From Trading Floors to Nightclub Floors
To understand how Simran arrived at that classroom, you need to understand the two lives he lived before it.
After graduating from Brown University with a computer science degree, he joined J.P. Morgan in New York during the pre-Y2K, pre-Euro era when the European trading desk handled ten separate currencies. His boss sent him to Singapore right before the Asian currency crisis hit in 1997. “I’m sitting in New York watching volatility,” Simran recalled. “And that’s what you want as a trader, right? Volatility going through the roof in Singapore.” He was hooked. Three days after arriving, the global heads offered him a permanent role.
But something nagged at him. “Every year is a race,” he said. “It’s a race to bonuses.”
Then a childhood friend named Ashutosh Fatak showed up with an idea about changing Indian music. Independent artists and session musicians deserved a platform beyond Bollywood. Simran moved back to India with his wife and two children. They started Blue Frog.
Blue Frog became an icon. The entrance was designed like something from Charlie and the Chocolate Factory, a tiny door in a mill compound that opened into a cavernous, magical space. Forbes did a deep-dive on their fifth anniversary. Time Out Mumbai wrote that the city’s music scene now had two eras: before Blue Frog and after Blue Frog. The Independent UK named it one of the top ten music venues in the world, alongside the Sydney Opera House and Madison Square Garden.

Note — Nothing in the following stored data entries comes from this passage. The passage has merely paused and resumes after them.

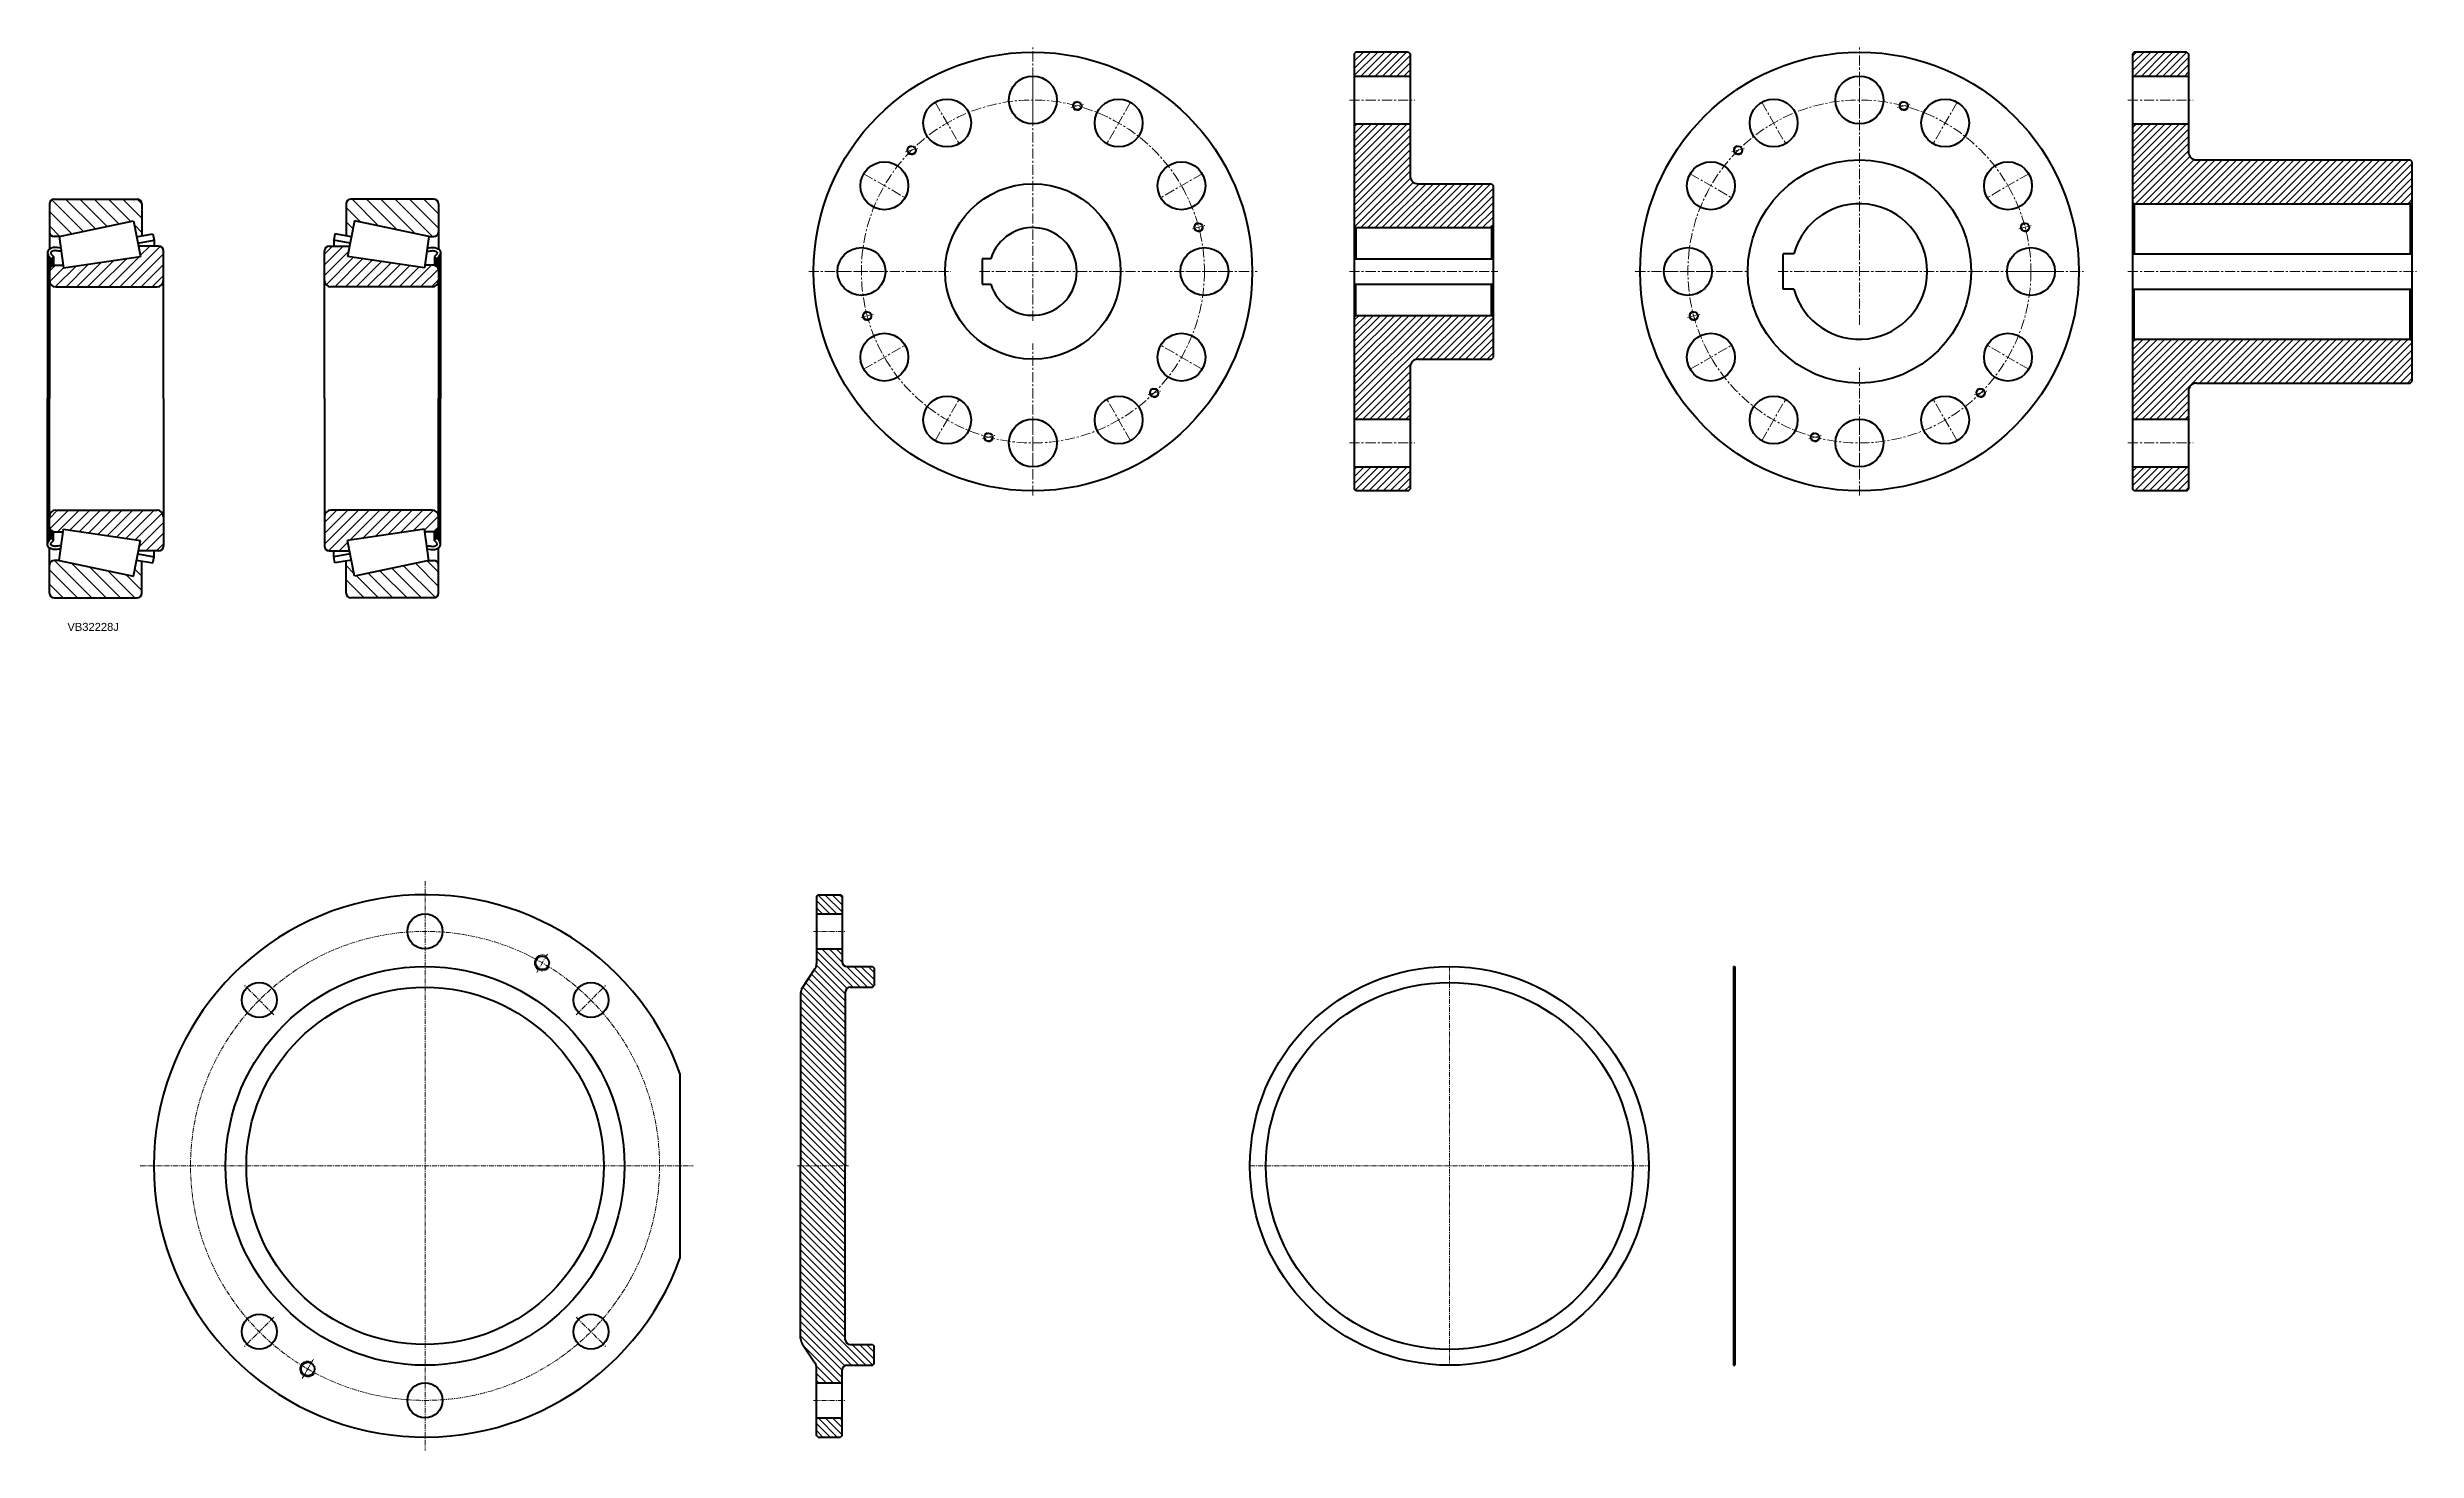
# Model space of a CAD drawing. Header units: millimetres. Extents: x -11382 to 23553, y -372 to 10786.
# Drawn here: x 10307 to 11792, y 3956 to 4836 of the extents above; entities that cross this region are included whole.
import ezdxf

# ---------------------------------------------------------------- set-up
doc = ezdxf.new("R2010")
doc.units = ezdxf.units.MM
doc.header["$LTSCALE"] = 0.2
doc.linetypes.add('CENTER', pattern=[50.8, 31.75, -6.35, 6.35, -6.35])
for name, color, linetype, lineweight in [('đường bao thấy', 7, 'Continuous', 40), ('đường mặt cắt', 160, 'Continuous', 15), ('đường nét mảnh', 220, 'Continuous', 15), ('đường nét tâm', 137, 'CENTER', 15)]:
    doc.layers.add(name, color=color, linetype=linetype, lineweight=lineweight)
doc.styles.add('nhat3.5', font='arial.ttf', dxfattribs={"height": 3.5})
pattern_1 = [(135, (7266.0226, 2575.9754), (-4.490128, -4.490128), [])]
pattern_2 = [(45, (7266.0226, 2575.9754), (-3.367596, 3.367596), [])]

We built an incredible brand, a brand that even 10 years after closing still has its cachet. From the outside, it must have looked amazing, but I can tell you it was really hard work.
Then came Delhi. And Pune. And Bangalore. They expanded too fast without understanding their new markets. “We went into Delhi to build for ourselves, unfortunately,” Simran admitted. The financial strain weighed down the entire company. In 2015, after ten years, he exited with his laptop, a pair of forgotten sneakers, and one person: Karishma, Blue Frog’s first employee, who would become his co-founder at Rangeet.
The Mountain and the Classroom
The next chapter began at 15,000 feet.
Simran and his family chose Mount Kinabalu in Borneo for his recovery. For most climbers, it’s manageable. For Simran, carrying ninety kilograms and the residue of running a nightclub for a decade, it was brutal. His daughter developed altitude sickness. His wife told him to keep going with their son Ishan. At 14,000 feet, under moonlight, Simran was stopping every twenty steps. He was ready to quit. Ishan, fifteen years old, refused to let him.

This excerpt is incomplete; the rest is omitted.